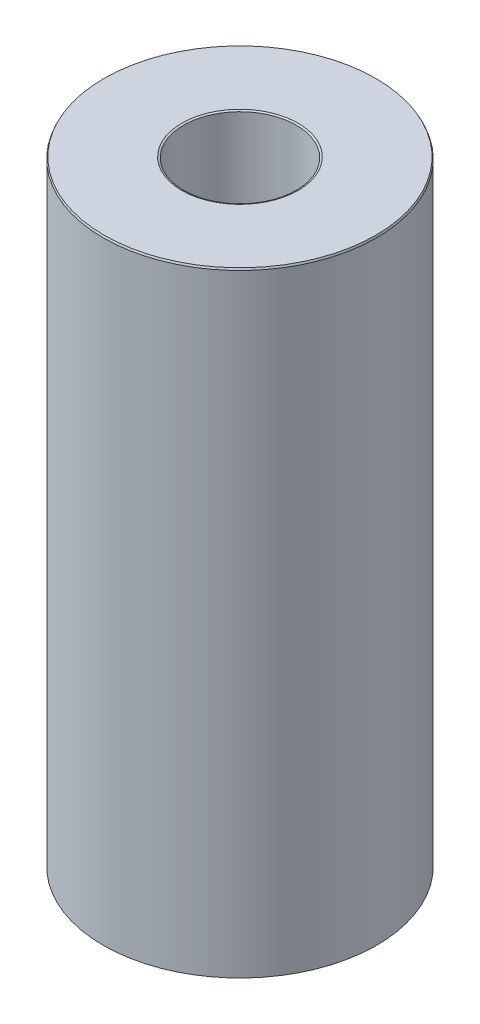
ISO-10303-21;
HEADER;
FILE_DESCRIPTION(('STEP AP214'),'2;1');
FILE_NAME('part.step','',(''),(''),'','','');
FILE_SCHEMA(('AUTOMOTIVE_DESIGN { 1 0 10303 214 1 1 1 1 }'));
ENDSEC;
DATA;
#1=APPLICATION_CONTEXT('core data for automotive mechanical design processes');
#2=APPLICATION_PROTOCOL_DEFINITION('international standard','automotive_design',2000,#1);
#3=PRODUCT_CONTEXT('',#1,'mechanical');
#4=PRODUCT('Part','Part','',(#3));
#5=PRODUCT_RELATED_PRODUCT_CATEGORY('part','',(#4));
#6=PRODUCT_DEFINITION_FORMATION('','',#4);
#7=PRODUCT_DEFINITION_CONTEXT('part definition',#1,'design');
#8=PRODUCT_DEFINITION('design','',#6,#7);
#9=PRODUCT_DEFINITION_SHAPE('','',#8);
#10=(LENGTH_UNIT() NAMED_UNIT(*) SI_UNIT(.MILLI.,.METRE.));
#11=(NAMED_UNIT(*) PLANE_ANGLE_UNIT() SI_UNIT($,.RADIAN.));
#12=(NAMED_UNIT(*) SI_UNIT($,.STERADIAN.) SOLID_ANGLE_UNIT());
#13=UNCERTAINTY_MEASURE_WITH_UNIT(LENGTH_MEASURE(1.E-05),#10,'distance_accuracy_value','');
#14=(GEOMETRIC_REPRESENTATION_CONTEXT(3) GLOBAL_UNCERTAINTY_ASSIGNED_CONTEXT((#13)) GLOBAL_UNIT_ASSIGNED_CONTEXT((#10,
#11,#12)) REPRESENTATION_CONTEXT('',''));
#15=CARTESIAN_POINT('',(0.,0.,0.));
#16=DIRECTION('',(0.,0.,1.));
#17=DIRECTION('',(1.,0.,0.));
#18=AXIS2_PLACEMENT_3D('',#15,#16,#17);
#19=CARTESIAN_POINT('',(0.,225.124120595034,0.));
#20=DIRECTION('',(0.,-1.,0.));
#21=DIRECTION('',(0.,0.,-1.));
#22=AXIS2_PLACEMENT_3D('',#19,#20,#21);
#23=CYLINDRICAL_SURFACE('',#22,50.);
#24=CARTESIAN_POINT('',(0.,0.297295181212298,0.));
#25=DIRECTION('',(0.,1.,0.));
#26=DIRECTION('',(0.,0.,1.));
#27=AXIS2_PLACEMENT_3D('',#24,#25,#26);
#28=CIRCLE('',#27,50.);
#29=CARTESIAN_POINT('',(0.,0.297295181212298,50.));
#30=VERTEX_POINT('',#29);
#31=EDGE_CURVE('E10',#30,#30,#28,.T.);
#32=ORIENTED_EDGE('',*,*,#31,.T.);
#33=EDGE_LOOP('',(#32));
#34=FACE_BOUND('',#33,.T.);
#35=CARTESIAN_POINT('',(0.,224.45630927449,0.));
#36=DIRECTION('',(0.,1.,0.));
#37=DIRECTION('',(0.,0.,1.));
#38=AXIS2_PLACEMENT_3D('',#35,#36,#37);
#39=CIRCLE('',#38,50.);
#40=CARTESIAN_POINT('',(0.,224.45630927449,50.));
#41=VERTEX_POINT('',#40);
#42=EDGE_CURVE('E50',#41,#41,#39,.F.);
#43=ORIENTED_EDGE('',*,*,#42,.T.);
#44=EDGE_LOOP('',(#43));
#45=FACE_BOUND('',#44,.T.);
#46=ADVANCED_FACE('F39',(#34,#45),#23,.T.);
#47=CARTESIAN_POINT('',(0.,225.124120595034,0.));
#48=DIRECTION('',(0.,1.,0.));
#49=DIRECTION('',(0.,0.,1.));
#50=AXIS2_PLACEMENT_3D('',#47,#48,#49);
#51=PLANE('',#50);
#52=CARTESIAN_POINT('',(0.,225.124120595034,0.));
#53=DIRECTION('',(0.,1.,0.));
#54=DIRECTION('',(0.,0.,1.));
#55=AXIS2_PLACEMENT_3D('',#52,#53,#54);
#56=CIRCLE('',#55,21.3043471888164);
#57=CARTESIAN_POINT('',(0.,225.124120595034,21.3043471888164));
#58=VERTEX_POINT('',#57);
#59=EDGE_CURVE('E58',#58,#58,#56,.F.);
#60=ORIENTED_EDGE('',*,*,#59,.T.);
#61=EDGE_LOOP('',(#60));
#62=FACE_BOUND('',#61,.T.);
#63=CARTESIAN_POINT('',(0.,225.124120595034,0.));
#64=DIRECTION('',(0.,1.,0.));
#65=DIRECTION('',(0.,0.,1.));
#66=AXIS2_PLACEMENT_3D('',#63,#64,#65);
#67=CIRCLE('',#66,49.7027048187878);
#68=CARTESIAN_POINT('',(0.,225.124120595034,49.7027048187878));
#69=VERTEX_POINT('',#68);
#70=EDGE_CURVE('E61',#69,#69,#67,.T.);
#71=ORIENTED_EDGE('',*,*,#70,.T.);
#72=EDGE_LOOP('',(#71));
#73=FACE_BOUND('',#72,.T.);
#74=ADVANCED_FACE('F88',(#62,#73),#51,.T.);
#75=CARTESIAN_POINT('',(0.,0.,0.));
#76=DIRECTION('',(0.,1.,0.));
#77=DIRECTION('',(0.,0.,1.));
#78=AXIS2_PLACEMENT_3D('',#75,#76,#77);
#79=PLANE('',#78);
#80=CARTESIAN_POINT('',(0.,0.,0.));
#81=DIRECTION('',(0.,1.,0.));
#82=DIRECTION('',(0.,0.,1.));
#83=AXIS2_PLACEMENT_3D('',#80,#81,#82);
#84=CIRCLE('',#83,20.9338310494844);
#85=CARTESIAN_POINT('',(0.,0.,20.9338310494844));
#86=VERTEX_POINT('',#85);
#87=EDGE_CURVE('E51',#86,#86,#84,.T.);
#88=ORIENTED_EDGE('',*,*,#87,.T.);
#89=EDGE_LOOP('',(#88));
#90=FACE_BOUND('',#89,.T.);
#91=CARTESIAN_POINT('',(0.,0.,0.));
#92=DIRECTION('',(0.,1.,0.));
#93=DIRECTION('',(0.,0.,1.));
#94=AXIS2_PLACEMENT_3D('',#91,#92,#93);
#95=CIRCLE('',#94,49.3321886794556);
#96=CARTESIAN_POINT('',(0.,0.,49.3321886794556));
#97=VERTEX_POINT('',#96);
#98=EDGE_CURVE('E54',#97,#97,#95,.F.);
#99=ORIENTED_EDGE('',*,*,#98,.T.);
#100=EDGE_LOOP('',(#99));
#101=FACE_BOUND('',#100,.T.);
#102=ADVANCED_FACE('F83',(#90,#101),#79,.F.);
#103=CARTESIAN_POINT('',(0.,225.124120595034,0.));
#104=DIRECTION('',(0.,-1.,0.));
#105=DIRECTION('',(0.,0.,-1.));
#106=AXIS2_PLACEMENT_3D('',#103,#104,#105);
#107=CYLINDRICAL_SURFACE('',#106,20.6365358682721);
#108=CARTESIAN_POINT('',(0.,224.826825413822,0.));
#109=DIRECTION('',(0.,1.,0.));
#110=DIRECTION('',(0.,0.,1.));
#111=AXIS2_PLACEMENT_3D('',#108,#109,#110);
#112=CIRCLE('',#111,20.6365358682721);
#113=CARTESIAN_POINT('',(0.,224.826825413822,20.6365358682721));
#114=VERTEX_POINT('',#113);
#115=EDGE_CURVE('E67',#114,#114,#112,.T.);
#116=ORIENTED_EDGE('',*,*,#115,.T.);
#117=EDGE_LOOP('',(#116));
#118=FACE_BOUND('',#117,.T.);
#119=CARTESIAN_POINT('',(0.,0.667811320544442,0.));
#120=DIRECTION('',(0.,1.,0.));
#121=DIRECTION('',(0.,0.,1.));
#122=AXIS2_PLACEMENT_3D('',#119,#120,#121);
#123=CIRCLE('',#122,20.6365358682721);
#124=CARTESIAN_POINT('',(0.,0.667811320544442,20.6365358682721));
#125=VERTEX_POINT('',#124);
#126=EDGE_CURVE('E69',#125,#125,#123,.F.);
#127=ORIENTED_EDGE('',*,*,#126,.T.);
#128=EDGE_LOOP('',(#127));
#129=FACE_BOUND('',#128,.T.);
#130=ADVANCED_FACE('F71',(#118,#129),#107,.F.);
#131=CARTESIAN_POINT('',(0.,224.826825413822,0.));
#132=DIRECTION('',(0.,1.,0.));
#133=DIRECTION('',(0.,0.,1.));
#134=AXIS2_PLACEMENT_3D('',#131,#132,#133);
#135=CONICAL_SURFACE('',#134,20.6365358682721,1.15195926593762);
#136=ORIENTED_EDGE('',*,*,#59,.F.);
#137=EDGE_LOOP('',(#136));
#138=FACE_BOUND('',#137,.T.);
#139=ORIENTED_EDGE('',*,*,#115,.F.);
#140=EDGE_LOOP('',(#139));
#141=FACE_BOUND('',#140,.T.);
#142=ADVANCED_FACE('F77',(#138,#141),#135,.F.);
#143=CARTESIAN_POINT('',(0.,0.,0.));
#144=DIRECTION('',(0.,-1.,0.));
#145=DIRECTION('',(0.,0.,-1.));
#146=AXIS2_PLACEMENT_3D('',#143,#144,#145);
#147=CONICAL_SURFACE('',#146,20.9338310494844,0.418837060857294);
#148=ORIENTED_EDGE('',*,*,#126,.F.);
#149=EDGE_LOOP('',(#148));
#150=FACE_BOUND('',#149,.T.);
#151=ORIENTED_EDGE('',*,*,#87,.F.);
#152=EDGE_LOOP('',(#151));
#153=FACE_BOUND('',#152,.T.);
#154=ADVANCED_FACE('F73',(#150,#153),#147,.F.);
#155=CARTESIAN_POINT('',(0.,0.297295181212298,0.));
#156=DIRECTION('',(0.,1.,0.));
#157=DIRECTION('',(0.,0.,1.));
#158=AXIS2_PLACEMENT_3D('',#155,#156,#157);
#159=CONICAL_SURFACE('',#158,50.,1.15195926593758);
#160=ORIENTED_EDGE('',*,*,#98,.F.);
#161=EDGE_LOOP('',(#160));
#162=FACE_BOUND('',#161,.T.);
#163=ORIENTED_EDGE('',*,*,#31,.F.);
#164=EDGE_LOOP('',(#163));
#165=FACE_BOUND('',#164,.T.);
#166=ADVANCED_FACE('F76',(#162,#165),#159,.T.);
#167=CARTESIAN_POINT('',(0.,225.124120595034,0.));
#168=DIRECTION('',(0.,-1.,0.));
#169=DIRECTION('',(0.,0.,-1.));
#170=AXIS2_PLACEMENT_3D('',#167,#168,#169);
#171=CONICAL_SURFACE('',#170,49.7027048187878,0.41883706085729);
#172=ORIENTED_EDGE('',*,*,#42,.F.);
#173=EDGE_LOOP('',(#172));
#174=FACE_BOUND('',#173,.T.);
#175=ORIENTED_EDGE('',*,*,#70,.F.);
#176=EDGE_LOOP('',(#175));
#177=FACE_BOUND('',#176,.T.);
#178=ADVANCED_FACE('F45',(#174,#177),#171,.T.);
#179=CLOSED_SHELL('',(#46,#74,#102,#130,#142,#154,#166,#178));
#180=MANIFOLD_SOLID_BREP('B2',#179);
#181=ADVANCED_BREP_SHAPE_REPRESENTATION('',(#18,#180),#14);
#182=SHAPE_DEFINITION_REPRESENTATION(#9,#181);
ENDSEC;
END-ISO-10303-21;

= Assigned task =
Only one stretch of the records above is wanted: the lines between the one holding "#156=DIRECTION('',(0.,1.,0.));" and the one holding "#162=FACE_BOUND('',#161,.T.);", inclusive, reproduced exactly.

= Output for this task =
#156=DIRECTION('',(0.,1.,0.));
#157=DIRECTION('',(0.,0.,1.));
#158=AXIS2_PLACEMENT_3D('',#155,#156,#157);
#159=CONICAL_SURFACE('',#158,50.,1.15195926593758);
#160=ORIENTED_EDGE('',*,*,#98,.F.);
#161=EDGE_LOOP('',(#160));
#162=FACE_BOUND('',#161,.T.);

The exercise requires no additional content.